Every year, not unlike Christmas, our Employee Shopping Days roll around again (thank you management,) and, while I always intend to use this opportunity to buy edifying books for widows and orphans, I instead indulge myself in an orgy of entirely selfish consumerism. True, I bought a single title, as a token to assuage my guilt, for my partner: Sweet Tea: Black Gay Men of the South, by E. Patrick Johnson, but everything else was for me.
And, as I do every year, my first priority is always to add to my collection of the complete Library of America. I've been collecting this series since they started publication, many years ago. Every year they publish four or five new titles, so I have to get those too. Doesn't matter if I like the authors. Doesn't matter if I will ever read the individual volumes. Gotta have 'em. I look at it as an investment. (These books are the only material goods specifically mentioned in my will -- no lie.)
If you don't know the series, Library of America publishes the classics of American literature and history in an ongoing project to preserve, promote and, I suppose, defend our cultural heritage. It is an admirable undertaking and done superbly well. The books are beautifully made, of durable materials, and meant to "last a lifetime." They will certainly outlast me (thus the provision in my will.) As a collector, they are my pride & joy.
As a reader, some years are better for me than others, the worst being the year I had to buy Kerouac, Alcott, and Lovecraft. Very little joy there, I can tell you. But I did my duty.
This year has been (for the most part) happier:
Collected Stories and Other Writings, by Katherine Anne Porter.
This goes to the top of my night-stand reading pile as soon as I
finish with my reading for my Christmas Readings this year.

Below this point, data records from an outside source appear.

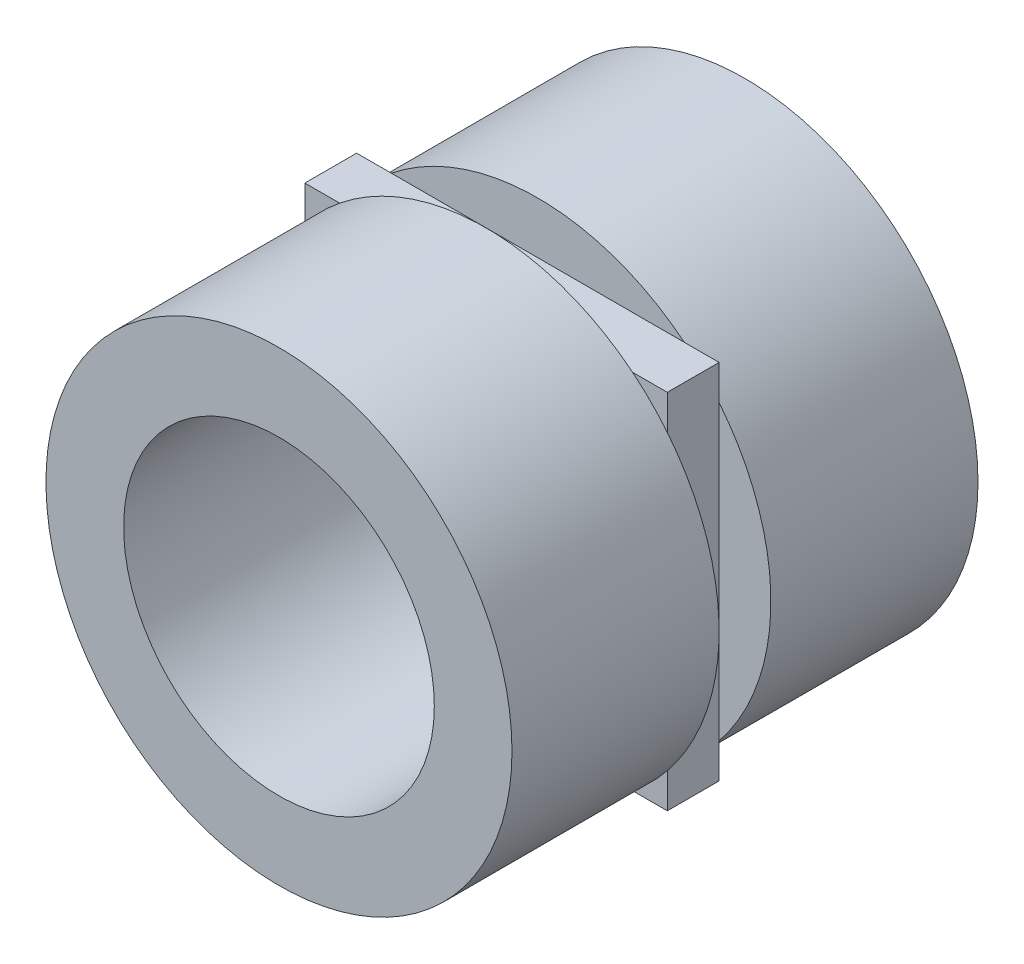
ISO-10303-21;
HEADER;
FILE_DESCRIPTION(('STEP AP214'),'2;1');
FILE_NAME('part.step','',(''),(''),'','','');
FILE_SCHEMA(('AUTOMOTIVE_DESIGN { 1 0 10303 214 1 1 1 1 }'));
ENDSEC;
DATA;
#1=APPLICATION_CONTEXT('core data for automotive mechanical design processes');
#2=APPLICATION_PROTOCOL_DEFINITION('international standard','automotive_design',2000,#1);
#3=PRODUCT_CONTEXT('',#1,'mechanical');
#4=PRODUCT('Part','Part','',(#3));
#5=PRODUCT_RELATED_PRODUCT_CATEGORY('part','',(#4));
#6=PRODUCT_DEFINITION_FORMATION('','',#4);
#7=PRODUCT_DEFINITION_CONTEXT('part definition',#1,'design');
#8=PRODUCT_DEFINITION('design','',#6,#7);
#9=PRODUCT_DEFINITION_SHAPE('','',#8);
#10=(LENGTH_UNIT() NAMED_UNIT(*) SI_UNIT(.MILLI.,.METRE.));
#11=(NAMED_UNIT(*) PLANE_ANGLE_UNIT() SI_UNIT($,.RADIAN.));
#12=(NAMED_UNIT(*) SI_UNIT($,.STERADIAN.) SOLID_ANGLE_UNIT());
#13=UNCERTAINTY_MEASURE_WITH_UNIT(LENGTH_MEASURE(1.E-05),#10,'distance_accuracy_value','');
#14=(GEOMETRIC_REPRESENTATION_CONTEXT(3) GLOBAL_UNCERTAINTY_ASSIGNED_CONTEXT((#13)) GLOBAL_UNIT_ASSIGNED_CONTEXT((#10,
#11,#12)) REPRESENTATION_CONTEXT('',''));
#15=CARTESIAN_POINT('',(0.,0.,0.));
#16=DIRECTION('',(0.,0.,1.));
#17=DIRECTION('',(1.,0.,0.));
#18=AXIS2_PLACEMENT_3D('',#15,#16,#17);
#19=CARTESIAN_POINT('',(0.,0.,4.5));
#20=DIRECTION('',(0.,0.,-1.));
#21=DIRECTION('',(-1.,0.,0.));
#22=AXIS2_PLACEMENT_3D('',#19,#20,#21);
#23=CYLINDRICAL_SURFACE('',#22,4.5);
#24=CARTESIAN_POINT('',(0.,0.,-4.5));
#25=DIRECTION('',(0.,0.,1.));
#26=DIRECTION('',(1.,0.,0.));
#27=AXIS2_PLACEMENT_3D('',#24,#25,#26);
#28=CIRCLE('',#27,4.5);
#29=CARTESIAN_POINT('',(4.5,0.,-4.5));
#30=VERTEX_POINT('',#29);
#31=EDGE_CURVE('E179',#30,#30,#28,.T.);
#32=ORIENTED_EDGE('',*,*,#31,.T.);
#33=EDGE_LOOP('',(#32));
#34=FACE_BOUND('',#33,.T.);
#35=CARTESIAN_POINT('',(0.,0.,-0.5));
#36=DIRECTION('',(0.,0.,-1.));
#37=DIRECTION('',(1.,0.,0.));
#38=AXIS2_PLACEMENT_3D('',#35,#36,#37);
#39=CIRCLE('',#38,4.5);
#40=CARTESIAN_POINT('',(-2.82842712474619,-3.5,-0.5));
#41=VERTEX_POINT('',#40);
#42=CARTESIAN_POINT('',(-3.5,-2.82842712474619,-0.5));
#43=VERTEX_POINT('',#42);
#44=EDGE_CURVE('E129',#41,#43,#39,.T.);
#45=ORIENTED_EDGE('',*,*,#44,.T.);
#46=CARTESIAN_POINT('',(0.,0.,-0.5));
#47=DIRECTION('',(0.,0.,1.));
#48=DIRECTION('',(1.,0.,0.));
#49=AXIS2_PLACEMENT_3D('',#46,#47,#48);
#50=CIRCLE('',#49,4.5);
#51=CARTESIAN_POINT('',(-3.5,2.82842712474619,-0.5));
#52=VERTEX_POINT('',#51);
#53=EDGE_CURVE('E12',#52,#43,#50,.T.);
#54=ORIENTED_EDGE('',*,*,#53,.F.);
#55=CARTESIAN_POINT('',(0.,0.,-0.5));
#56=DIRECTION('',(0.,0.,-1.));
#57=DIRECTION('',(1.,0.,0.));
#58=AXIS2_PLACEMENT_3D('',#55,#56,#57);
#59=CIRCLE('',#58,4.5);
#60=CARTESIAN_POINT('',(-2.82842712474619,3.5,-0.5));
#61=VERTEX_POINT('',#60);
#62=EDGE_CURVE('E214',#52,#61,#59,.T.);
#63=ORIENTED_EDGE('',*,*,#62,.T.);
#64=CARTESIAN_POINT('',(2.82842712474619,3.5,-0.5));
#65=VERTEX_POINT('',#64);
#66=EDGE_CURVE('E43',#65,#61,#50,.T.);
#67=ORIENTED_EDGE('',*,*,#66,.F.);
#68=CARTESIAN_POINT('',(0.,0.,-0.5));
#69=DIRECTION('',(0.,0.,-1.));
#70=DIRECTION('',(1.,0.,0.));
#71=AXIS2_PLACEMENT_3D('',#68,#69,#70);
#72=CIRCLE('',#71,4.5);
#73=CARTESIAN_POINT('',(3.5,2.82842712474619,-0.5));
#74=VERTEX_POINT('',#73);
#75=EDGE_CURVE('E212',#65,#74,#72,.T.);
#76=ORIENTED_EDGE('',*,*,#75,.T.);
#77=CARTESIAN_POINT('',(3.5,-2.82842712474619,-0.5));
#78=VERTEX_POINT('',#77);
#79=EDGE_CURVE('E195',#78,#74,#50,.T.);
#80=ORIENTED_EDGE('',*,*,#79,.F.);
#81=CARTESIAN_POINT('',(0.,0.,-0.5));
#82=DIRECTION('',(0.,0.,-1.));
#83=DIRECTION('',(1.,0.,0.));
#84=AXIS2_PLACEMENT_3D('',#81,#82,#83);
#85=CIRCLE('',#84,4.5);
#86=CARTESIAN_POINT('',(2.82842712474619,-3.5,-0.5));
#87=VERTEX_POINT('',#86);
#88=EDGE_CURVE('E277',#78,#87,#85,.T.);
#89=ORIENTED_EDGE('',*,*,#88,.T.);
#90=EDGE_CURVE('E37',#41,#87,#50,.T.);
#91=ORIENTED_EDGE('',*,*,#90,.F.);
#92=EDGE_LOOP('',(#45,#54,#63,#67,#76,#80,#89,#91));
#93=FACE_BOUND('',#92,.T.);
#94=ADVANCED_FACE('F33',(#34,#93),#23,.T.);
#95=CARTESIAN_POINT('',(0.,0.,0.5));
#96=DIRECTION('',(0.,0.,1.));
#97=DIRECTION('',(1.,0.,0.));
#98=AXIS2_PLACEMENT_3D('',#95,#96,#97);
#99=CIRCLE('',#98,4.5);
#100=CARTESIAN_POINT('',(-3.5,2.82842712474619,0.5));
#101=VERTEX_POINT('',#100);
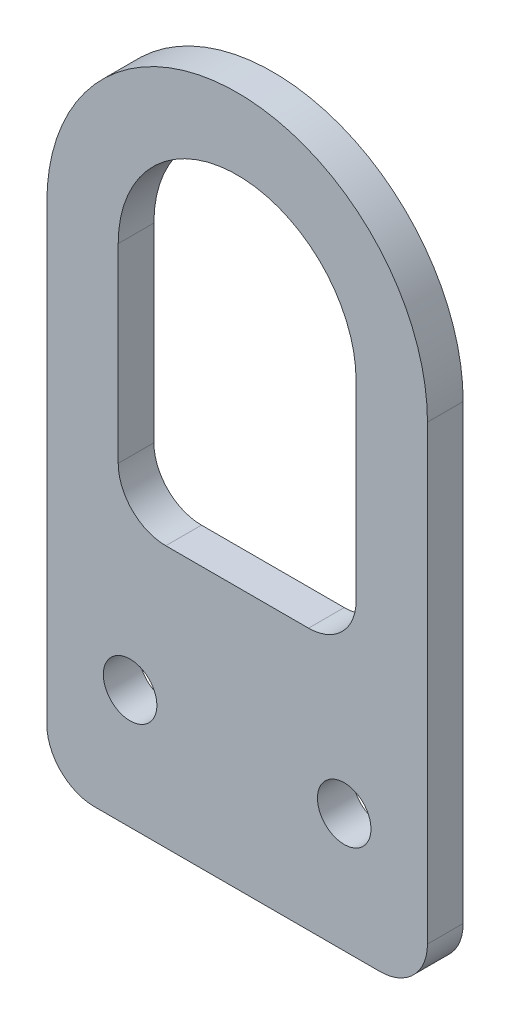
from build123d import *

# Parameters (mm, degrees)
SKETCH1_R      = 7.14375
EXTRUDE1_DEPTH = 9.525
EXTRUDE2_DEPTH = 9.525


with BuildPart() as part:
    # Sketch1 → Extrude1 (new body)
    with BuildSketch(Plane.XY):
        with BuildLine():
            Line((-50.8, -103.717375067), (50.8, -103.717375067))
            Line((50.8, -103.717375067), (50.8, -139.7))
            ThreePointArc((50.8, -139.7), (47.080256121, -148.680256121), (38.1, -152.4))
            Line((38.1, -152.4), (-38.1, -152.4))
            ThreePointArc((-38.1, -152.4), (-47.080256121, -148.680256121), (-50.8, -139.7))
            Line((-50.8, -139.7), (-50.8, -103.717375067))
        make_face()
        with Locations(Location((-28.575, -120.65, 0), (0, 0, 180))):
            Circle(SKETCH1_R, mode=Mode.SUBTRACT)
        with Locations(Location((28.575, -120.65, 0), (0, 0, 180))):
            Circle(SKETCH1_R, mode=Mode.SUBTRACT)
    extrude(amount=EXTRUDE1_DEPTH)

    # Sketch3 → Extrude2 (add)
    with BuildSketch(Plane.XY.offset(9.525)):
        with BuildLine():
            Line((50.8, -19.05), (50.8, -103.717375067))
            Line((50.8, -103.717375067), (-50.8, -103.717375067))
            Line((-50.8, -103.717375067), (-50.8, -19.05))
            ThreePointArc((-50.8, -19.05), (0, 31.75), (50.8, -19.05))
        make_face()
        with BuildLine():
            Line((-19.05, -82.55), (19.05, -82.55))
            ThreePointArc((19.05, -82.55), (28.030256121, -78.830256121), (31.75, -69.85))
            Line((31.75, -69.85), (31.75, -19.05))
            ThreePointArc((31.75, -19.05), (0, 12.7), (-31.75, -19.05))
            Line((-31.75, -19.05), (-31.75, -69.85))
            ThreePointArc((-31.75, -69.85), (-28.030256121, -78.830256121), (-19.05, -82.55))
        make_face(mode=Mode.SUBTRACT)
    extrude(amount=-EXTRUDE2_DEPTH)


solid = part.part
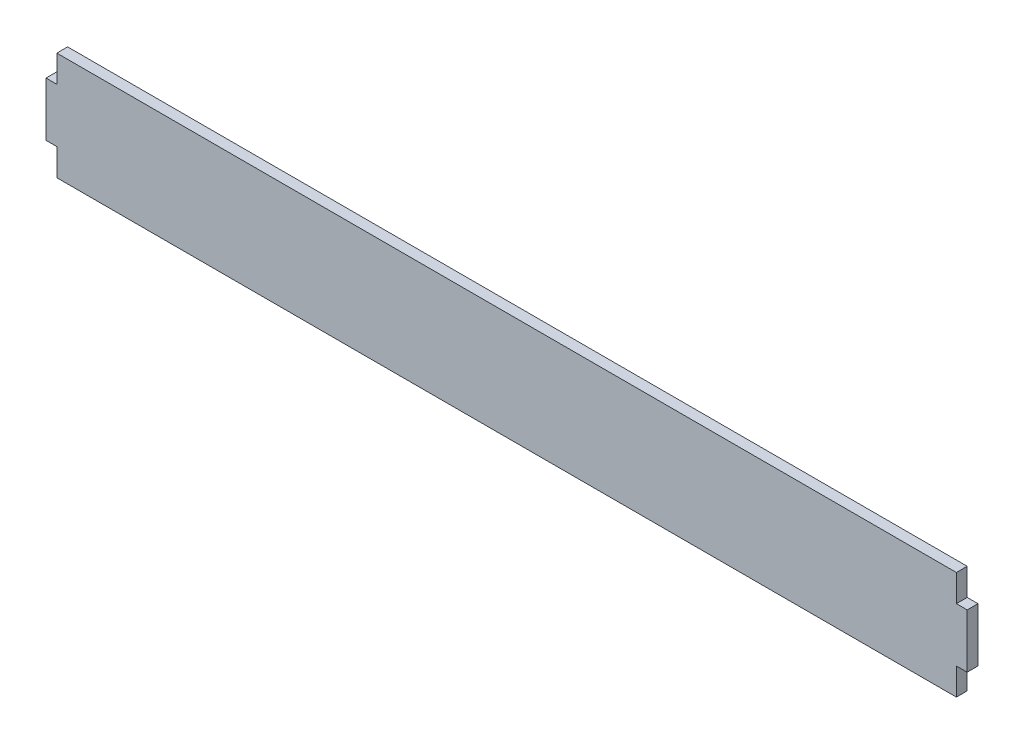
from build123d import *

# Parameters (mm, degrees)
SALIENTE_EXTRUIR1_DEPTH = 12


with BuildPart() as part:
    # Croquis1 → Saliente-Extruir1 (new body)
    with BuildSketch(Plane.XY):
        Polygon((500, 30), (512, 30), (512, -30), (500, -30), (500, -60), (-500, -60), (-500, -30), (-512, -30), (-512, 30), (-500, 30), (-500, 60), (500, 60), align=None)
    extrude(amount=SALIENTE_EXTRUIR1_DEPTH)


solid = part.part

Collected Poems: 1956 - 1987, by John Ashbery. A favorite of my dear friend Richard, himself a poet, and someone to
whom I will now be forced to pay more serious attention.
Five Novels of the 1960s & 70s, by Philip K. Dick. This purchased reluctantly and soon to be added to my shelf
of LIAM acquired "more in sorrow..." titles.
I'm disappointed not to be able to add the second volume
of A. J. Liebling to my collection, as, for some unknownreason, it seems never to have arrived, either at the bookstore or with the
distributors, despite a September publication date.
Finally, (although tomorrow is another Shopping day, as Scarlett might say nowadays,) I rounded out my selection with a beautiful remainder about the great director Jean Renoir, and two handsome volumes of essays by George Orwell: Facing Unpleasant Facts: Narrative Essays, and All Art is Propaganda: Critical Essays, both compiled by George Packer and attractively produced.
Santa has already been better to me than I deserve.
Nice choices! I just got the second volume of Raymond Chandler and am loving it. It also made me wonder if there's any rhyme or reason to the different colored bindings on the various volumes. Chandler is blue, Emerson is green, Franklin is beige, etc. Does anyone know what the different colors represent?
ReplyDeleteSo far as I can tell, the color choices on the cloth bindings are arbitrary. I buy the editions with the black dustjackets, not the slipcased versions. I like the standard look of the series all together on the shelf. The slipcases take up valuable fractions of an inch in shelf-space.